Re: uchar

Andrew E. Mileski (
Mon, 10 Jun 1996 12:23:11 -0400 (EDT)

Thus spake Linus Torvalds:
> Some of the kernel device drivers use "uint" or "unsigned long" in
> hardware-specific structures (the layout of a hardware structure in memory,
> for example), and this is just a mail to developers to ask them to consider
> using the u8/u16/u32 types instead (there are also s8/s16/s32 types, but you
> should be _very_ wary about using them: there is very seldom a need for a
> _signed_ quantity that has a certain number of bits).
> Oh, and if there isn't any hardware (or protocol, or disk layout) reason
> to use any of u8/u16/u32, please don't.
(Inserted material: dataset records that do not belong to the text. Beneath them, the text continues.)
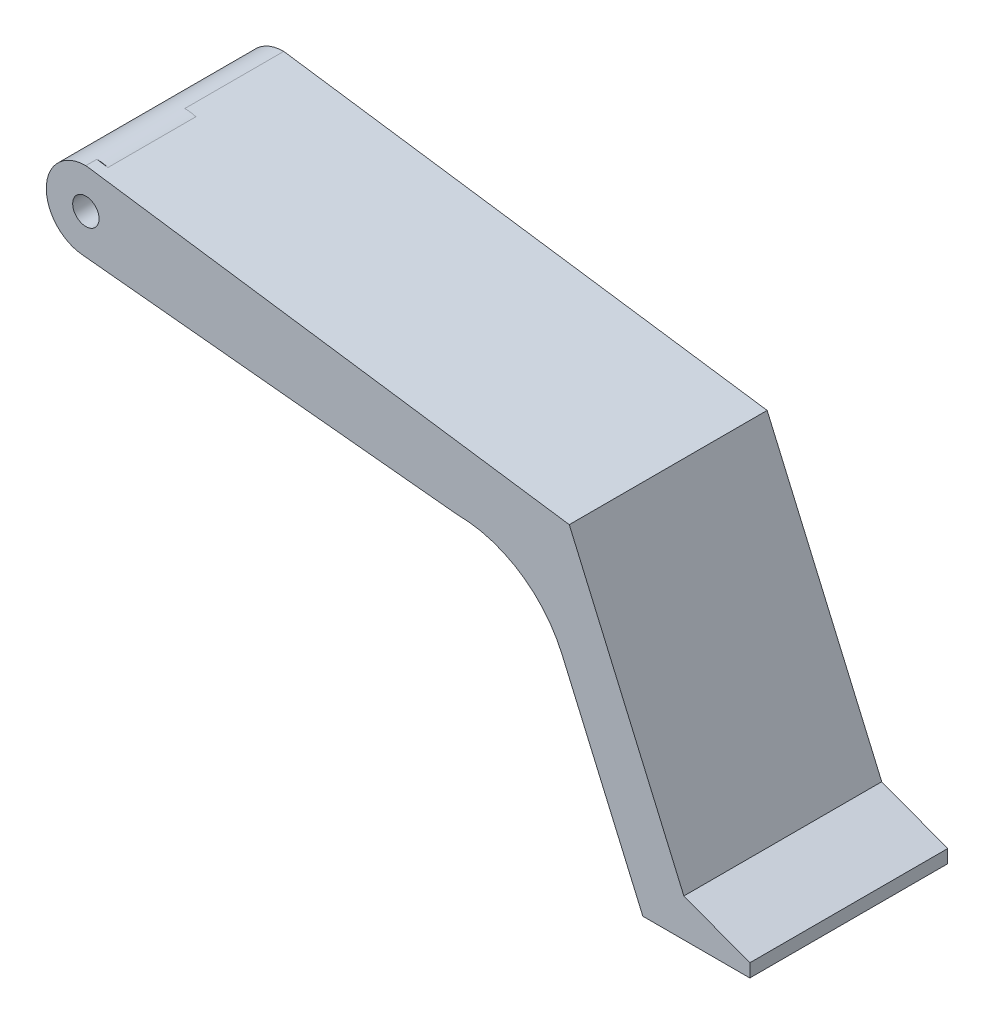
ISO-10303-21;
HEADER;
FILE_DESCRIPTION(('STEP AP214'),'2;1');
FILE_NAME('part.step','',(''),(''),'','','');
FILE_SCHEMA(('AUTOMOTIVE_DESIGN { 1 0 10303 214 1 1 1 1 }'));
ENDSEC;
DATA;
#1=APPLICATION_CONTEXT('core data for automotive mechanical design processes');
#2=APPLICATION_PROTOCOL_DEFINITION('international standard','automotive_design',2000,#1);
#3=PRODUCT_CONTEXT('',#1,'mechanical');
#4=PRODUCT('Part','Part','',(#3));
#5=PRODUCT_RELATED_PRODUCT_CATEGORY('part','',(#4));
#6=PRODUCT_DEFINITION_FORMATION('','',#4);
#7=PRODUCT_DEFINITION_CONTEXT('part definition',#1,'design');
#8=PRODUCT_DEFINITION('design','',#6,#7);
#9=PRODUCT_DEFINITION_SHAPE('','',#8);
#10=(LENGTH_UNIT() NAMED_UNIT(*) SI_UNIT(.MILLI.,.METRE.));
#11=(NAMED_UNIT(*) PLANE_ANGLE_UNIT() SI_UNIT($,.RADIAN.));
#12=(NAMED_UNIT(*) SI_UNIT($,.STERADIAN.) SOLID_ANGLE_UNIT());
#13=UNCERTAINTY_MEASURE_WITH_UNIT(LENGTH_MEASURE(1.E-05),#10,'distance_accuracy_value','');
#14=(GEOMETRIC_REPRESENTATION_CONTEXT(3) GLOBAL_UNCERTAINTY_ASSIGNED_CONTEXT((#13)) GLOBAL_UNIT_ASSIGNED_CONTEXT((#10,
#11,#12)) REPRESENTATION_CONTEXT('',''));
#15=CARTESIAN_POINT('',(0.,0.,0.));
#16=DIRECTION('',(0.,0.,1.));
#17=DIRECTION('',(1.,0.,0.));
#18=AXIS2_PLACEMENT_3D('',#15,#16,#17);
#19=CARTESIAN_POINT('',(6.58692087464744,65.7955825001185,22.5));
#20=DIRECTION('',(-0.0996139609090756,-0.995026159853099,0.));
#21=DIRECTION('',(0.995026159853099,-0.0996139609090756,0.));
#22=AXIS2_PLACEMENT_3D('',#19,#20,#21);
#23=PLANE('',#22);
#24=DIRECTION('',(0.,0.,-1.));
#25=VECTOR('',#24,1.);
#26=CARTESIAN_POINT('',(-0.896525648181682,66.5447645613221,22.5));
#27=LINE('',#26,#25);
#28=CARTESIAN_POINT('',(-0.896525648181682,66.5447645613221,22.5));
#29=VERTEX_POINT('',#28);
#30=CARTESIAN_POINT('',(-0.896525648181682,66.5447645613221,-22.5));
#31=VERTEX_POINT('',#30);
#32=EDGE_CURVE('E133',#29,#31,#27,.T.);
#33=ORIENTED_EDGE('',*,*,#32,.T.);
#34=DIRECTION('',(-0.995026159853099,0.0996139609090756,0.));
#35=VECTOR('',#34,1.);
#36=CARTESIAN_POINT('',(6.58692087464744,65.7955825001185,-22.5));
#37=LINE('',#36,#35);
#38=CARTESIAN_POINT('',(70.0381823969097,59.4433560562999,-22.5));
#39=VERTEX_POINT('',#38);
#40=EDGE_CURVE('E92',#39,#31,#37,.T.);
#41=ORIENTED_EDGE('',*,*,#40,.F.);
#42=DIRECTION('',(0.,0.,1.));
#43=VECTOR('',#42,1.);
#44=CARTESIAN_POINT('',(70.0381823969097,59.4433560562999,-40.));
#45=LINE('',#44,#43);
#46=CARTESIAN_POINT('',(70.0381823969097,59.4433560562999,2.));
#47=VERTEX_POINT('',#46);
#48=EDGE_CURVE('E63',#47,#39,#45,.F.);
#49=ORIENTED_EDGE('',*,*,#48,.F.);
#50=DIRECTION('',(-0.995026159853099,0.0996139609090756,0.));
#51=VECTOR('',#50,1.);
#52=CARTESIAN_POINT('',(6.58692087464744,65.7955825001185,2.));
#53=LINE('',#52,#51);
#54=CARTESIAN_POINT('',(84.4556096419889,58.,2.));
#55=VERTEX_POINT('',#54);
#56=EDGE_CURVE('E85',#55,#47,#53,.T.);
#57=ORIENTED_EDGE('',*,*,#56,.F.);
#58=DIRECTION('',(0.,0.,-1.));
#59=VECTOR('',#58,1.);
#60=CARTESIAN_POINT('',(84.4556096419889,58.,22.5));
#61=LINE('',#60,#59);
#62=CARTESIAN_POINT('',(84.4556096419889,58.,22.5));
#63=VERTEX_POINT('',#62);
#64=EDGE_CURVE('E181',#63,#55,#61,.T.);
#65=ORIENTED_EDGE('',*,*,#64,.F.);
#66=DIRECTION('',(-0.995026159853099,0.0996139609090756,0.));
#67=VECTOR('',#66,1.);
#68=CARTESIAN_POINT('',(6.58692087464744,65.7955825001185,22.5));
#69=LINE('',#68,#67);
#70=EDGE_CURVE('E102',#63,#29,#69,.T.);
#71=ORIENTED_EDGE('',*,*,#70,.T.);
#72=EDGE_LOOP('',(#33,#41,#49,#57,#65,#71));
#73=FACE_BOUND('',#72,.T.);
#74=ADVANCED_FACE('F45',(#73),#23,.T.);
#75=CARTESIAN_POINT('',(84.4556096419889,32.,22.5));
#76=DIRECTION('',(0.,0.,-1.));
#77=DIRECTION('',(-1.,0.,0.));
#78=AXIS2_PLACEMENT_3D('',#75,#76,#77);
#79=CYLINDRICAL_SURFACE('',#78,26.);
#80=ORIENTED_EDGE('',*,*,#64,.T.);
#81=CARTESIAN_POINT('',(84.4556096419889,32.,2.));
#82=DIRECTION('',(0.,0.,1.));
#83=DIRECTION('',(1.,0.,0.));
#84=AXIS2_PLACEMENT_3D('',#81,#82,#83);
#85=CIRCLE('',#84,26.);
#86=CARTESIAN_POINT('',(108.309930194906,42.3426974701319,2.));
#87=VERTEX_POINT('',#86);
#88=EDGE_CURVE('E88',#55,#87,#85,.F.);
#89=ORIENTED_EDGE('',*,*,#88,.T.);
#90=DIRECTION('',(0.,0.,-1.));
#91=VECTOR('',#90,1.);
#92=CARTESIAN_POINT('',(108.309930194906,42.3426974701319,22.5));
#93=LINE('',#92,#91);
#94=CARTESIAN_POINT('',(108.309930194906,42.3426974701319,22.5));
#95=VERTEX_POINT('',#94);
#96=EDGE_CURVE('E178',#95,#87,#93,.T.);
#97=ORIENTED_EDGE('',*,*,#96,.F.);
#98=CARTESIAN_POINT('',(84.4556096419889,32.,22.5));
#99=DIRECTION('',(0.,0.,1.));
#100=DIRECTION('',(1.,0.,0.));
#101=AXIS2_PLACEMENT_3D('',#98,#99,#100);
#102=CIRCLE('',#101,26.);
#103=EDGE_CURVE('E105',#63,#95,#102,.F.);
#104=ORIENTED_EDGE('',*,*,#103,.F.);
#105=EDGE_LOOP('',(#80,#89,#97,#104));
#106=FACE_BOUND('',#105,.T.);
#107=ADVANCED_FACE('F209',(#106),#79,.F.);
#108=CARTESIAN_POINT('',(106.624490297027,46.2299835202938,22.5));
#109=DIRECTION('',(-0.917473867419891,-0.397796056543537,0.));
#110=DIRECTION('',(0.397796056543537,-0.917473867419891,0.));
#111=AXIS2_PLACEMENT_3D('',#108,#109,#110);
#112=PLANE('',#111);
#113=DIRECTION('',(0.,0.,1.));
#114=VECTOR('',#113,1.);
#115=CARTESIAN_POINT('',(115.025500553517,26.8539559215571,-40.));
#116=LINE('',#115,#114);
#117=CARTESIAN_POINT('',(115.025500553517,26.8539559215571,-22.5));
#118=VERTEX_POINT('',#117);
#119=CARTESIAN_POINT('',(115.025500553517,26.8539559215571,2.));
#120=VERTEX_POINT('',#119);
#121=EDGE_CURVE('E79',#118,#120,#116,.T.);
#122=ORIENTED_EDGE('',*,*,#121,.F.);
#123=DIRECTION('',(-0.397796056543537,0.917473867419891,0.));
#124=VECTOR('',#123,1.);
#125=CARTESIAN_POINT('',(106.624490297027,46.2299835202938,-22.5));
#126=LINE('',#125,#124);
#127=CARTESIAN_POINT('',(126.668772528348,4.90725082097354E-11,-22.5));
#128=VERTEX_POINT('',#127);
#129=EDGE_CURVE('E135',#128,#118,#126,.T.);
#130=ORIENTED_EDGE('',*,*,#129,.F.);
#131=DIRECTION('',(0.,0.,-1.));
#132=VECTOR('',#131,1.);
#133=CARTESIAN_POINT('',(126.668772528348,4.90725082097354E-11,22.5));
#134=LINE('',#133,#132);
#135=CARTESIAN_POINT('',(126.668772528348,4.90725082097354E-11,22.5));
#136=VERTEX_POINT('',#135);
#137=EDGE_CURVE('E175',#136,#128,#134,.T.);
#138=ORIENTED_EDGE('',*,*,#137,.F.);
#139=DIRECTION('',(-0.397796056543537,0.917473867419891,0.));
#140=VECTOR('',#139,1.);
#141=CARTESIAN_POINT('',(106.624490297027,46.2299835202938,22.5));
#142=LINE('',#141,#140);
#143=EDGE_CURVE('E109',#136,#95,#142,.T.);
#144=ORIENTED_EDGE('',*,*,#143,.T.);
#145=ORIENTED_EDGE('',*,*,#96,.T.);
#146=DIRECTION('',(-0.397796056543537,0.917473867419891,0.));
#147=VECTOR('',#146,1.);
#148=CARTESIAN_POINT('',(106.624490297027,46.2299835202938,2.));
#149=LINE('',#148,#147);
#150=EDGE_CURVE('E11',#120,#87,#149,.T.);
#151=ORIENTED_EDGE('',*,*,#150,.F.);
#152=EDGE_LOOP('',(#122,#130,#138,#144,#145,#151));
#153=FACE_BOUND('',#152,.T.);
#154=ADVANCED_FACE('F205',(#153),#112,.T.);
#155=CARTESIAN_POINT('',(0.,4.90623469528793E-11,22.5));
#156=DIRECTION('',(0.,-1.,0.));
#157=DIRECTION('',(1.,0.,0.));
#158=AXIS2_PLACEMENT_3D('',#155,#156,#157);
#159=PLANE('',#158);
#160=DIRECTION('',(-1.,0.,0.));
#161=VECTOR('',#160,1.);
#162=CARTESIAN_POINT('',(0.,4.90623469528793E-11,-22.5));
#163=LINE('',#162,#161);
#164=CARTESIAN_POINT('',(150.996688705439,4.90744597736459E-11,-22.5));
#165=VERTEX_POINT('',#164);
#166=EDGE_CURVE('E138',#165,#128,#163,.T.);
#167=ORIENTED_EDGE('',*,*,#166,.F.);
#168=DIRECTION('',(0.,0.,-1.));
#169=VECTOR('',#168,1.);
#170=CARTESIAN_POINT('',(150.996688705439,4.90744597736459E-11,22.5));
#171=LINE('',#170,#169);
#172=CARTESIAN_POINT('',(150.996688705439,4.90744597736459E-11,22.5));
#173=VERTEX_POINT('',#172);
#174=EDGE_CURVE('E172',#173,#165,#171,.T.);
#175=ORIENTED_EDGE('',*,*,#174,.F.);
#176=DIRECTION('',(-1.,0.,0.));
#177=VECTOR('',#176,1.);
#178=CARTESIAN_POINT('',(0.,4.90623469528793E-11,22.5));
#179=LINE('',#178,#177);
#180=EDGE_CURVE('E112',#173,#136,#179,.T.);
#181=ORIENTED_EDGE('',*,*,#180,.T.);
#182=ORIENTED_EDGE('',*,*,#137,.T.);
#183=EDGE_LOOP('',(#167,#175,#181,#182));
#184=FACE_BOUND('',#183,.T.);
#185=ADVANCED_FACE('F289',(#184),#159,.T.);
#186=CARTESIAN_POINT('',(150.996688705439,0.,22.5));
#187=DIRECTION('',(1.,0.,0.));
#188=DIRECTION('',(0.,0.,-1.));
#189=AXIS2_PLACEMENT_3D('',#186,#187,#188);
#190=PLANE('',#189);
#191=DIRECTION('',(0.,-1.,0.));
#192=VECTOR('',#191,1.);
#193=CARTESIAN_POINT('',(150.996688705439,0.,-22.5));
#194=LINE('',#193,#192);
#195=CARTESIAN_POINT('',(150.996688705439,3.00000000004907,-22.5));
#196=VERTEX_POINT('',#195);
#197=EDGE_CURVE('E141',#196,#165,#194,.T.);
#198=ORIENTED_EDGE('',*,*,#197,.F.);
#199=DIRECTION('',(0.,0.,-1.));
#200=VECTOR('',#199,1.);
#201=CARTESIAN_POINT('',(150.996688705439,3.00000000004907,22.5));
#202=LINE('',#201,#200);
#203=CARTESIAN_POINT('',(150.996688705439,3.00000000004907,22.5));
#204=VERTEX_POINT('',#203);
#205=EDGE_CURVE('E169',#204,#196,#202,.T.);
#206=ORIENTED_EDGE('',*,*,#205,.F.);
#207=DIRECTION('',(0.,-1.,0.));
#208=VECTOR('',#207,1.);
#209=CARTESIAN_POINT('',(150.996688705439,0.,22.5));
#210=LINE('',#209,#208);
#211=EDGE_CURVE('E115',#204,#173,#210,.T.);
#212=ORIENTED_EDGE('',*,*,#211,.T.);
#213=ORIENTED_EDGE('',*,*,#174,.T.);
#214=EDGE_LOOP('',(#198,#206,#212,#213));
#215=FACE_BOUND('',#214,.T.);
#216=ADVANCED_FACE('F292',(#215),#190,.T.);
#217=CARTESIAN_POINT('',(19.7649929447935,52.4513840915535,22.5));
#218=DIRECTION('',(0.352620221224145,0.935766519802795,0.));
#219=DIRECTION('',(-0.935766519802795,0.352620221224145,0.));
#220=AXIS2_PLACEMENT_3D('',#217,#218,#219);
#221=PLANE('',#220);
#222=DIRECTION('',(0.935766519802795,-0.352620221224145,0.));
#223=VECTOR('',#222,1.);
#224=CARTESIAN_POINT('',(19.7649929447935,52.4513840915535,-22.5));
#225=LINE('',#224,#223);
#226=CARTESIAN_POINT('',(135.996688705439,8.6523750385115,-22.5));
#227=VERTEX_POINT('',#226);
#228=EDGE_CURVE('E144',#227,#196,#225,.T.);
#229=ORIENTED_EDGE('',*,*,#228,.F.);
#230=DIRECTION('',(0.,0.,-1.));
#231=VECTOR('',#230,1.);
#232=CARTESIAN_POINT('',(135.996688705439,8.6523750385115,22.5));
#233=LINE('',#232,#231);
#234=CARTESIAN_POINT('',(135.996688705439,8.6523750385115,22.5));
#235=VERTEX_POINT('',#234);
#236=EDGE_CURVE('E166',#235,#227,#233,.T.);
#237=ORIENTED_EDGE('',*,*,#236,.F.);
#238=DIRECTION('',(0.935766519802795,-0.352620221224145,0.));
#239=VECTOR('',#238,1.);
#240=CARTESIAN_POINT('',(19.7649929447935,52.4513840915535,22.5));
#241=LINE('',#240,#239);
#242=EDGE_CURVE('E118',#235,#204,#241,.T.);
#243=ORIENTED_EDGE('',*,*,#242,.T.);
#244=ORIENTED_EDGE('',*,*,#205,.T.);
#245=EDGE_LOOP('',(#229,#237,#243,#244));
#246=FACE_BOUND('',#245,.T.);
#247=ADVANCED_FACE('F296',(#246),#221,.T.);
#248=CARTESIAN_POINT('',(117.634176706065,51.0035361988163,22.5));
#249=DIRECTION('',(0.91747386741989,0.397796056543537,0.));
#250=DIRECTION('',(-0.397796056543537,0.917473867419891,0.));
#251=AXIS2_PLACEMENT_3D('',#248,#249,#250);
#252=PLANE('',#251);
#253=DIRECTION('',(0.397796056543537,-0.917473867419891,0.));
#254=VECTOR('',#253,1.);
#255=CARTESIAN_POINT('',(117.634176706065,51.0035361988163,-22.5));
#256=LINE('',#255,#254);
#257=CARTESIAN_POINT('',(109.935465309096,68.7597869291548,-22.5));
#258=VERTEX_POINT('',#257);
#259=EDGE_CURVE('E147',#258,#227,#256,.T.);
#260=ORIENTED_EDGE('',*,*,#259,.F.);
#261=DIRECTION('',(0.,0.,-1.));
#262=VECTOR('',#261,1.);
#263=CARTESIAN_POINT('',(109.935465309096,68.7597869291548,22.5));
#264=LINE('',#263,#262);
#265=CARTESIAN_POINT('',(109.935465309096,68.7597869291548,22.5));
#266=VERTEX_POINT('',#265);
#267=EDGE_CURVE('E163',#266,#258,#264,.T.);
#268=ORIENTED_EDGE('',*,*,#267,.F.);
#269=DIRECTION('',(0.397796056543537,-0.917473867419891,0.));
#270=VECTOR('',#269,1.);
#271=CARTESIAN_POINT('',(117.634176706065,51.0035361988163,22.5));
#272=LINE('',#271,#270);
#273=EDGE_CURVE('E121',#266,#235,#272,.T.);
#274=ORIENTED_EDGE('',*,*,#273,.T.);
#275=ORIENTED_EDGE('',*,*,#236,.T.);
#276=EDGE_LOOP('',(#260,#268,#274,#275));
#277=FACE_BOUND('',#276,.T.);
#278=ADVANCED_FACE('F300',(#277),#252,.T.);
#279=CARTESIAN_POINT('',(11.8554120866336,82.8025795018776,22.5));
#280=DIRECTION('',(0.141731494544535,0.989905138613884,0.));
#281=DIRECTION('',(-0.989905138613884,0.141731494544535,0.));
#282=AXIS2_PLACEMENT_3D('',#279,#280,#281);
#283=PLANE('',#282);
#284=DIRECTION('',(0.,0.,-1.));
#285=VECTOR('',#284,1.);
#286=CARTESIAN_POINT('',(2.52541322555497,84.1384193021752,20.));
#287=LINE('',#286,#285);
#288=CARTESIAN_POINT('',(2.52541322555497,84.1384193021752,20.));
#289=VERTEX_POINT('',#288);
#290=CARTESIAN_POINT('',(2.52541322555499,84.1384193021752,0.));
#291=VERTEX_POINT('',#290);
#292=EDGE_CURVE('E183',#289,#291,#287,.T.);
#293=ORIENTED_EDGE('',*,*,#292,.F.);
#294=DIRECTION('',(-0.989905138613884,0.141731494544535,0.));
#295=VECTOR('',#294,1.);
#296=CARTESIAN_POINT('',(11.8554120866336,82.8025795018776,20.));
#297=LINE('',#296,#295);
#298=CARTESIAN_POINT('',(0.,84.5,20.));
#299=VERTEX_POINT('',#298);
#300=EDGE_CURVE('E186',#289,#299,#297,.T.);
#301=ORIENTED_EDGE('',*,*,#300,.T.);
#302=DIRECTION('',(0.,0.,-1.));
#303=VECTOR('',#302,1.);
#304=CARTESIAN_POINT('',(0.,84.5,22.5));
#305=LINE('',#304,#303);
#306=CARTESIAN_POINT('',(0.,84.5,22.5));
#307=VERTEX_POINT('',#306);
#308=EDGE_CURVE('E160',#307,#299,#305,.T.);
#309=ORIENTED_EDGE('',*,*,#308,.F.);
#310=DIRECTION('',(0.989905138613884,-0.141731494544535,0.));
#311=VECTOR('',#310,1.);
#312=CARTESIAN_POINT('',(11.8554120866336,82.8025795018776,22.5));
#313=LINE('',#312,#311);
#314=EDGE_CURVE('E124',#307,#266,#313,.T.);
#315=ORIENTED_EDGE('',*,*,#314,.T.);
#316=ORIENTED_EDGE('',*,*,#267,.T.);
#317=DIRECTION('',(0.989905138613884,-0.141731494544535,0.));
#318=VECTOR('',#317,1.);
#319=CARTESIAN_POINT('',(11.8554120866336,82.8025795018776,-22.5));
#320=LINE('',#319,#318);
#321=CARTESIAN_POINT('',(0.,84.5,-22.5));
#322=VERTEX_POINT('',#321);
#323=EDGE_CURVE('E150',#322,#258,#320,.T.);
#324=ORIENTED_EDGE('',*,*,#323,.F.);
#325=CARTESIAN_POINT('',(0.,84.5,0.));
#326=VERTEX_POINT('',#325);
#327=EDGE_CURVE('E159',#326,#322,#305,.T.);
#328=ORIENTED_EDGE('',*,*,#327,.F.);
#329=DIRECTION('',(-0.989905138613884,0.141731494544535,0.));
#330=VECTOR('',#329,1.);
#331=CARTESIAN_POINT('',(11.8554120866336,82.8025795018776,0.));
#332=LINE('',#331,#330);
#333=EDGE_CURVE('E193',#291,#326,#332,.T.);
#334=ORIENTED_EDGE('',*,*,#333,.F.);
#335=EDGE_LOOP('',(#293,#301,#309,#315,#316,#324,#328,#334));
#336=FACE_BOUND('',#335,.T.);
#337=ADVANCED_FACE('F255',(#336),#283,.T.);
#338=CARTESIAN_POINT('',(0.,0.,22.5));
#339=DIRECTION('',(0.,0.,1.));
#340=DIRECTION('',(1.,0.,0.));
#341=AXIS2_PLACEMENT_3D('',#338,#339,#340);
#342=PLANE('',#341);
#343=ORIENTED_EDGE('',*,*,#70,.F.);
#344=ORIENTED_EDGE('',*,*,#103,.T.);
#345=ORIENTED_EDGE('',*,*,#143,.F.);
#346=ORIENTED_EDGE('',*,*,#180,.F.);
#347=ORIENTED_EDGE('',*,*,#211,.F.);
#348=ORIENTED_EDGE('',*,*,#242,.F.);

For internal kernel things where
> the exact number of bits doesn't really matter, use "int" or "long" and
> add the full "unsigned" if you want to make it clear that it's an
> unsigned entity.

I _really_ like this, since I've already whined about types in
the kernel in the past (there isn't a platform independent
set used in some code).

PLEASE ADD THIS TO THE CODING SPEC! (if it ain't there already).

How do you et al. feel about using the u8/16/32 and s8/16/32 types
_AND_ typedef'ing them to a more meaningful type?
Example (a really lame one): typedef u16 ioport;
Personally I like this (u8/16/32 describes the size of the quantity,
not what it is being used for), but others may not (so I'm asking).